ASSIGNMENT. Drop every picture, then transcribe the remaining data exactly.
START RAW DATA
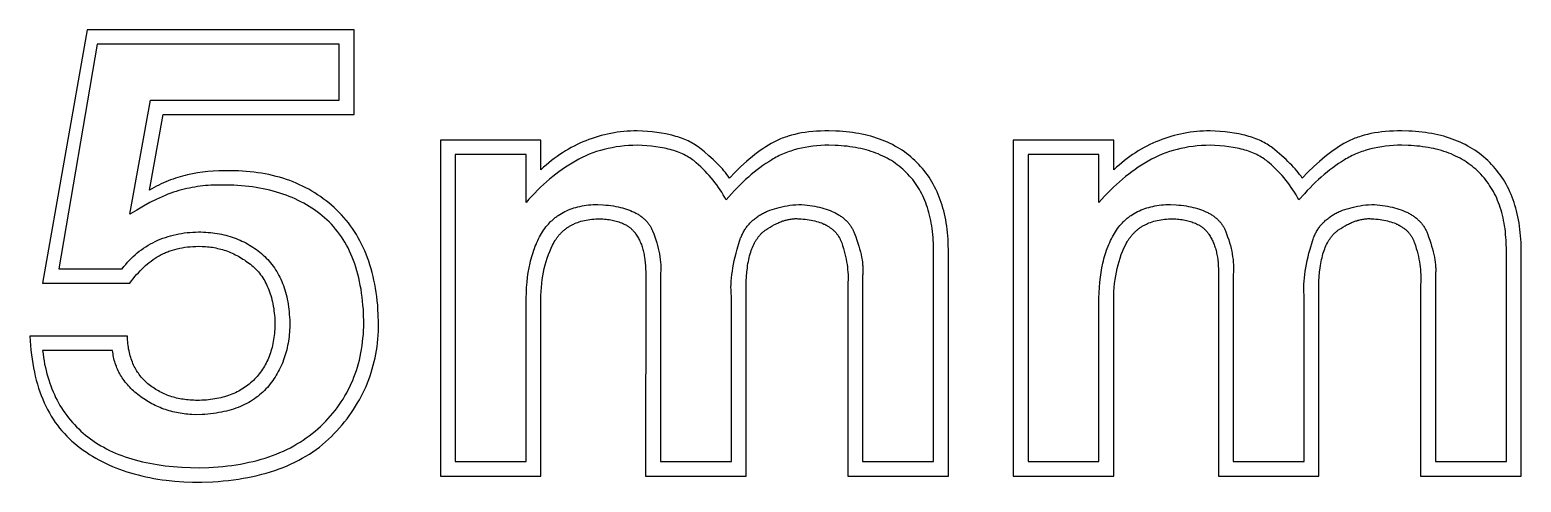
# Model space of a CAD drawing. Header units: millimetres. Extents: x -65 to 613, y -58 to 125.
# Drawn here: x 451.4 to 612.6, y -40.9 to 8 of the extents above; entities that cross this region are included whole.
import ezdxf

# ---------------------------------------------------------------- set-up
doc = ezdxf.new("R2010")
doc.units = ezdxf.units.MM
doc.header["$MEASUREMENT"] = 0
doc.layers.add('DEFAULT', color=7, linetype='Continuous')

msp = doc.modelspace()

# ---------------------------------------------------------------- linework, layer by layer
at = {"layer": 'DEFAULT'}
for points in [[(452.82, -19.37), (462.26, -19.37), (462.44, -19.13), (462.62, -18.9), (462.8, -18.67), (462.98, -18.45), (463.17, -18.24), (463.36, -18.04), (463.55, -17.85), (463.75, -17.66), (463.95, -17.48), (464.15, -17.3), (464.35, -17.14), (464.56, -16.98), (464.77, -16.82), (464.99, -16.68), (465.2, -16.54), (465.42, -16.41), (465.53, -16.35), (465.65, -16.29), (465.76, -16.23), (465.88, -16.17), (465.99, -16.12), (466.11, -16.07), (466.23, -16.02), (466.35, -15.97), (466.47, -15.92), (466.6, -15.88), (466.85, -15.79), (467.11, -15.72), (467.37, -15.65), (467.64, -15.59), (467.91, -15.54), (468.2, -15.5), (468.48, -15.46), (468.77, -15.43), (469.07, -15.41), (469.37, -15.4), (469.68, -15.39), (470.06, -15.4), (470.25, -15.4), (470.44, -15.42), (470.63, -15.43), (470.82, -15.45), (471, -15.47), (471.19, -15.5), (471.37, -15.53), (471.55, -15.57), (471.74, -15.61), (471.92, -15.65), (472.09, -15.7), (472.27, -15.75), (472.45, -15.8), (472.62, -15.86), (472.8, -15.92), (472.97, -15.99), (473.14, -16.06), (473.31, -16.14), (473.48, -16.21), (473.65, -16.3), (473.82, -16.38), (473.99, -16.47), (474.15, -16.57), (474.32, -16.66), (474.48, -16.77), (474.64, -16.87), (474.8, -16.98), (474.96, -17.09), (475.12, -17.21), (475.28, -17.33), (475.43, -17.46), (475.58, -17.59), (475.73, -17.72), (475.87, -17.86), (476.01, -18.01), (476.14, -18.16), (476.26, -18.31), (476.39, -18.47), (476.5, -18.63), (476.62, -18.8), (476.73, -18.97), (476.83, -19.14), (476.93, -19.33), (477.02, -19.51), (477.11, -19.7), (477.2, -19.9), (477.28, -20.1), (477.36, -20.3), (477.43, -20.51), (477.49, -20.72), (477.56, -20.94), (477.61, -21.16), (477.67, -21.39), (477.72, -21.62), (477.76, -21.86), (477.8, -22.1), (477.83, -22.35), (477.86, -22.6), (477.89, -22.85), (477.91, -23.11), (477.93, -23.38), (477.94, -23.65), (477.93, -23.89), (477.93, -24.12), (477.91, -24.36), (477.9, -24.59), (477.88, -24.81), (477.85, -25.04), (477.82, -25.26), (477.79, -25.48), (477.75, -25.69), (477.71, -25.9), (477.67, -26.11), (477.62, -26.32), (477.56, -26.52), (477.5, -26.72), (477.44, -26.91), (477.37, -27.1), (477.3, -27.29), (477.23, -27.48), (477.15, -27.66), (477.06, -27.84), (476.98, -28.02), (476.88, -28.19), (476.79, -28.36), (476.69, -28.53), (476.58, -28.69), (476.47, -28.86), (476.36, -29.01), (476.24, -29.17), (476.12, -29.32), (476, -29.47), (475.87, -29.61), (475.73, -29.76), (475.6, -29.89), (475.45, -30.03), (475.31, -30.16), (475.16, -30.28), (475.01, -30.4), (474.85, -30.52), (474.69, -30.63), (474.53, -30.74), (474.36, -30.85), (474.19, -30.95), (474.02, -31.04), (473.84, -31.13), (473.66, -31.22), (473.48, -31.3), (473.29, -31.38), (473.1, -31.45), (472.9, -31.52), (472.7, -31.59), (472.5, -31.65), (472.29, -31.71), (472.08, -31.76), (471.87, -31.81), (471.65, -31.85), (471.43, -31.89), (471.21, -31.93), (470.98, -31.96), (470.75, -31.98), (470.52, -32.01), (470.28, -32.02), (470.04, -32.04), (469.79, -32.05), (469.54, -32.05), (469.34, -32.05), (469.15, -32.04), (468.95, -32.03), (468.76, -32.02), (468.57, -32), (468.38, -31.98), (468.2, -31.96), (468.02, -31.93), (467.83, -31.9), (467.65, -31.87), (467.48, -31.83), (467.3, -31.79), (467.13, -31.75), (466.96, -31.7), (466.79, -31.65), (466.62, -31.59), (466.45, -31.54), (466.29, -31.47), (466.13, -31.41), (465.97, -31.34), (465.81, -31.27), (465.66, -31.19), (465.5, -31.11), (465.35, -31.03), (465.2, -30.95), (465.06, -30.86), (464.91, -30.76), (464.77, -30.67), (464.63, -30.57), (464.49, -30.46), (464.35, -30.36), (464.21, -30.25), (464.08, -30.14), (463.95, -30.02), (463.83, -29.9), (463.71, -29.78), (463.59, -29.65), (463.48, -29.52), (463.37, -29.39), (463.27, -29.26), (463.17, -29.12), (463.08, -28.98), (462.98, -28.83), (462.9, -28.69), (462.81, -28.54), (462.73, -28.38), (462.66, -28.23), (462.58, -28.07), (462.52, -27.9), (462.45, -27.74), (462.39, -27.57), (462.34, -27.4), (462.29, -27.22), (462.24, -27.05), (462.2, -26.87), (462.16, -26.68), (462.12, -26.49), (462.09, -26.3), (462.06, -26.11), (462.04, -25.91), (462.02, -25.72), (462, -25.51), (461.99, -25.31), (461.98, -25.1), (451.44, -25.1), (451.47, -25.62), (451.51, -26.13), (451.55, -26.63), (451.61, -27.12), (451.68, -27.6), (451.75, -28.07), (451.84, -28.54), (451.93, -28.99), (452.03, -29.44), (452.14, -29.87), (452.26, -30.3), (452.39, -30.72), (452.53, -31.13), (452.68, -31.53), (452.84, -31.92), (453, -32.31), (453.18, -32.68), (453.36, -33.05), (453.56, -33.4), (453.76, -33.75), (453.97, -34.09), (454.19, -34.42), (454.42, -34.74), (454.66, -35.05), (454.91, -35.35), (455.17, -35.64), (455.43, -35.92), (455.71, -36.2), (455.99, -36.47), (456.29, -36.72), (456.59, -36.97), (456.9, -37.21), (457.22, -37.44), (457.55, -37.66), (457.88, -37.88), (458.22, -38.09), (458.56, -38.29), (458.91, -38.48), (459.27, -38.67), (459.63, -38.84), (459.99, -39.01), (460.36, -39.18), (460.74, -39.33), (461.13, -39.48), (461.52, -39.62), (461.91, -39.76), (462.31, -39.88), (462.72, -40), (463.14, -40.11), (463.55, -40.22), (463.98, -40.31), (464.41, -40.4), (464.85, -40.48), (465.29, -40.56), (465.74, -40.63), (466.19, -40.68), (467.12, -40.78), (468.07, -40.85), (469.04, -40.88), (470.04, -40.89), (471.21, -40.84), (471.78, -40.8), (472.34, -40.76), (472.9, -40.7), (473.44, -40.63), (473.98, -40.56), (474.5, -40.47), (475.02, -40.38), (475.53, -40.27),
END RAW DATA
EXERCISE SOLUTION.
# Model space of a CAD drawing. Header units: millimetres. Extents: x -65 to 613, y -58 to 125.
# Drawn here: x 451.4 to 612.6, y -40.9 to 8 of the extents above; entities that cross this region are included whole.
import ezdxf

# ---------------------------------------------------------------- set-up
doc = ezdxf.new("R2010")
doc.units = ezdxf.units.MM
doc.header["$MEASUREMENT"] = 0
doc.layers.add('DEFAULT', color=7, linetype='Continuous')

msp = doc.modelspace()

# ---------------------------------------------------------------- linework, layer by layer
at = {"layer": 'DEFAULT'}
for points in [[(452.82, -19.37), (462.26, -19.37), (462.44, -19.13), (462.62, -18.9), (462.8, -18.67), (462.98, -18.45), (463.17, -18.24), (463.36, -18.04), (463.55, -17.85), (463.75, -17.66), (463.95, -17.48), (464.15, -17.3), (464.35, -17.14), (464.56, -16.98), (464.77, -16.82), (464.99, -16.68), (465.2, -16.54), (465.42, -16.41), (465.53, -16.35), (465.65, -16.29), (465.76, -16.23), (465.88, -16.17), (465.99, -16.12), (466.11, -16.07), (466.23, -16.02), (466.35, -15.97), (466.47, -15.92), (466.6, -15.88), (466.85, -15.79), (467.11, -15.72), (467.37, -15.65), (467.64, -15.59), (467.91, -15.54), (468.2, -15.5), (468.48, -15.46), (468.77, -15.43), (469.07, -15.41), (469.37, -15.4), (469.68, -15.39), (470.06, -15.4), (470.25, -15.4), (470.44, -15.42), (470.63, -15.43), (470.82, -15.45), (471, -15.47), (471.19, -15.5), (471.37, -15.53), (471.55, -15.57), (471.74, -15.61), (471.92, -15.65), (472.09, -15.7), (472.27, -15.75), (472.45, -15.8), (472.62, -15.86), (472.8, -15.92), (472.97, -15.99), (473.14, -16.06), (473.31, -16.14), (473.48, -16.21), (473.65, -16.3), (473.82, -16.38), (473.99, -16.47), (474.15, -16.57), (474.32, -16.66), (474.48, -16.77), (474.64, -16.87), (474.8, -16.98), (474.96, -17.09), (475.12, -17.21), (475.28, -17.33), (475.43, -17.46), (475.58, -17.59), (475.73, -17.72), (475.87, -17.86), (476.01, -18.01), (476.14, -18.16), (476.26, -18.31), (476.39, -18.47), (476.5, -18.63), (476.62, -18.8), (476.73, -18.97), (476.83, -19.14), (476.93, -19.33), (477.02, -19.51), (477.11, -19.7), (477.2, -19.9), (477.28, -20.1), (477.36, -20.3), (477.43, -20.51), (477.49, -20.72), (477.56, -20.94), (477.61, -21.16), (477.67, -21.39), (477.72, -21.62), (477.76, -21.86), (477.8, -22.1), (477.83, -22.35), (477.86, -22.6), (477.89, -22.85), (477.91, -23.11), (477.93, -23.38), (477.94, -23.65), (477.93, -23.89), (477.93, -24.12), (477.91, -24.36), (477.9, -24.59), (477.88, -24.81), (477.85, -25.04), (477.82, -25.26), (477.79, -25.48), (477.75, -25.69), (477.71, -25.9), (477.67, -26.11), (477.62, -26.32), (477.56, -26.52), (477.5, -26.72), (477.44, -26.91), (477.37, -27.1), (477.3, -27.29), (477.23, -27.48), (477.15, -27.66), (477.06, -27.84), (476.98, -28.02), (476.88, -28.19), (476.79, -28.36), (476.69, -28.53), (476.58, -28.69), (476.47, -28.86), (476.36, -29.01), (476.24, -29.17), (476.12, -29.32), (476, -29.47), (475.87, -29.61), (475.73, -29.76), (475.6, -29.89), (475.45, -30.03), (475.31, -30.16), (475.16, -30.28), (475.01, -30.4), (474.85, -30.52), (474.69, -30.63), (474.53, -30.74), (474.36, -30.85), (474.19, -30.95), (474.02, -31.04), (473.84, -31.13), (473.66, -31.22), (473.48, -31.3), (473.29, -31.38), (473.1, -31.45), (472.9, -31.52), (472.7, -31.59), (472.5, -31.65), (472.29, -31.71), (472.08, -31.76), (471.87, -31.81), (471.65, -31.85), (471.43, -31.89), (471.21, -31.93), (470.98, -31.96), (470.75, -31.98), (470.52, -32.01), (470.28, -32.02), (470.04, -32.04), (469.79, -32.05), (469.54, -32.05), (469.34, -32.05), (469.15, -32.04), (468.95, -32.03), (468.76, -32.02), (468.57, -32), (468.38, -31.98), (468.2, -31.96), (468.02, -31.93), (467.83, -31.9), (467.65, -31.87), (467.48, -31.83), (467.3, -31.79), (467.13, -31.75), (466.96, -31.7), (466.79, -31.65), (466.62, -31.59), (466.45, -31.54), (466.29, -31.47), (466.13, -31.41), (465.97, -31.34), (465.81, -31.27), (465.66, -31.19), (465.5, -31.11), (465.35, -31.03), (465.2, -30.95), (465.06, -30.86), (464.91, -30.76), (464.77, -30.67), (464.63, -30.57), (464.49, -30.46), (464.35, -30.36), (464.21, -30.25), (464.08, -30.14), (463.95, -30.02), (463.83, -29.9), (463.71, -29.78), (463.59, -29.65), (463.48, -29.52), (463.37, -29.39), (463.27, -29.26), (463.17, -29.12), (463.08, -28.98), (462.98, -28.83), (462.9, -28.69), (462.81, -28.54), (462.73, -28.38), (462.66, -28.23), (462.58, -28.07), (462.52, -27.9), (462.45, -27.74), (462.39, -27.57), (462.34, -27.4), (462.29, -27.22), (462.24, -27.05), (462.2, -26.87), (462.16, -26.68), (462.12, -26.49), (462.09, -26.3), (462.06, -26.11), (462.04, -25.91), (462.02, -25.72), (462, -25.51), (461.99, -25.31), (461.98, -25.1), (451.44, -25.1), (451.47, -25.62), (451.51, -26.13), (451.55, -26.63), (451.61, -27.12), (451.68, -27.6), (451.75, -28.07), (451.84, -28.54), (451.93, -28.99), (452.03, -29.44), (452.14, -29.87), (452.26, -30.3), (452.39, -30.72), (452.53, -31.13), (452.68, -31.53), (452.84, -31.92), (453, -32.31), (453.18, -32.68), (453.36, -33.05), (453.56, -33.4), (453.76, -33.75), (453.97, -34.09), (454.19, -34.42), (454.42, -34.74), (454.66, -35.05), (454.91, -35.35), (455.17, -35.64), (455.43, -35.92), (455.71, -36.2), (455.99, -36.47), (456.29, -36.72), (456.59, -36.97), (456.9, -37.21), (457.22, -37.44), (457.55, -37.66), (457.88, -37.88), (458.22, -38.09), (458.56, -38.29), (458.91, -38.48), (459.27, -38.67), (459.63, -38.84), (459.99, -39.01), (460.36, -39.18), (460.74, -39.33), (461.13, -39.48), (461.52, -39.62), (461.91, -39.76), (462.31, -39.88), (462.72, -40), (463.14, -40.11), (463.55, -40.22), (463.98, -40.31), (464.41, -40.4), (464.85, -40.48), (465.29, -40.56), (465.74, -40.63), (466.19, -40.68), (467.12, -40.78), (468.07, -40.85), (469.04, -40.88), (470.04, -40.89), (471.21, -40.84), (471.78, -40.8), (472.34, -40.76), (472.9, -40.7), (473.44, -40.63), (473.98, -40.56), (474.5, -40.47), (475.02, -40.38), (475.53, -40.27),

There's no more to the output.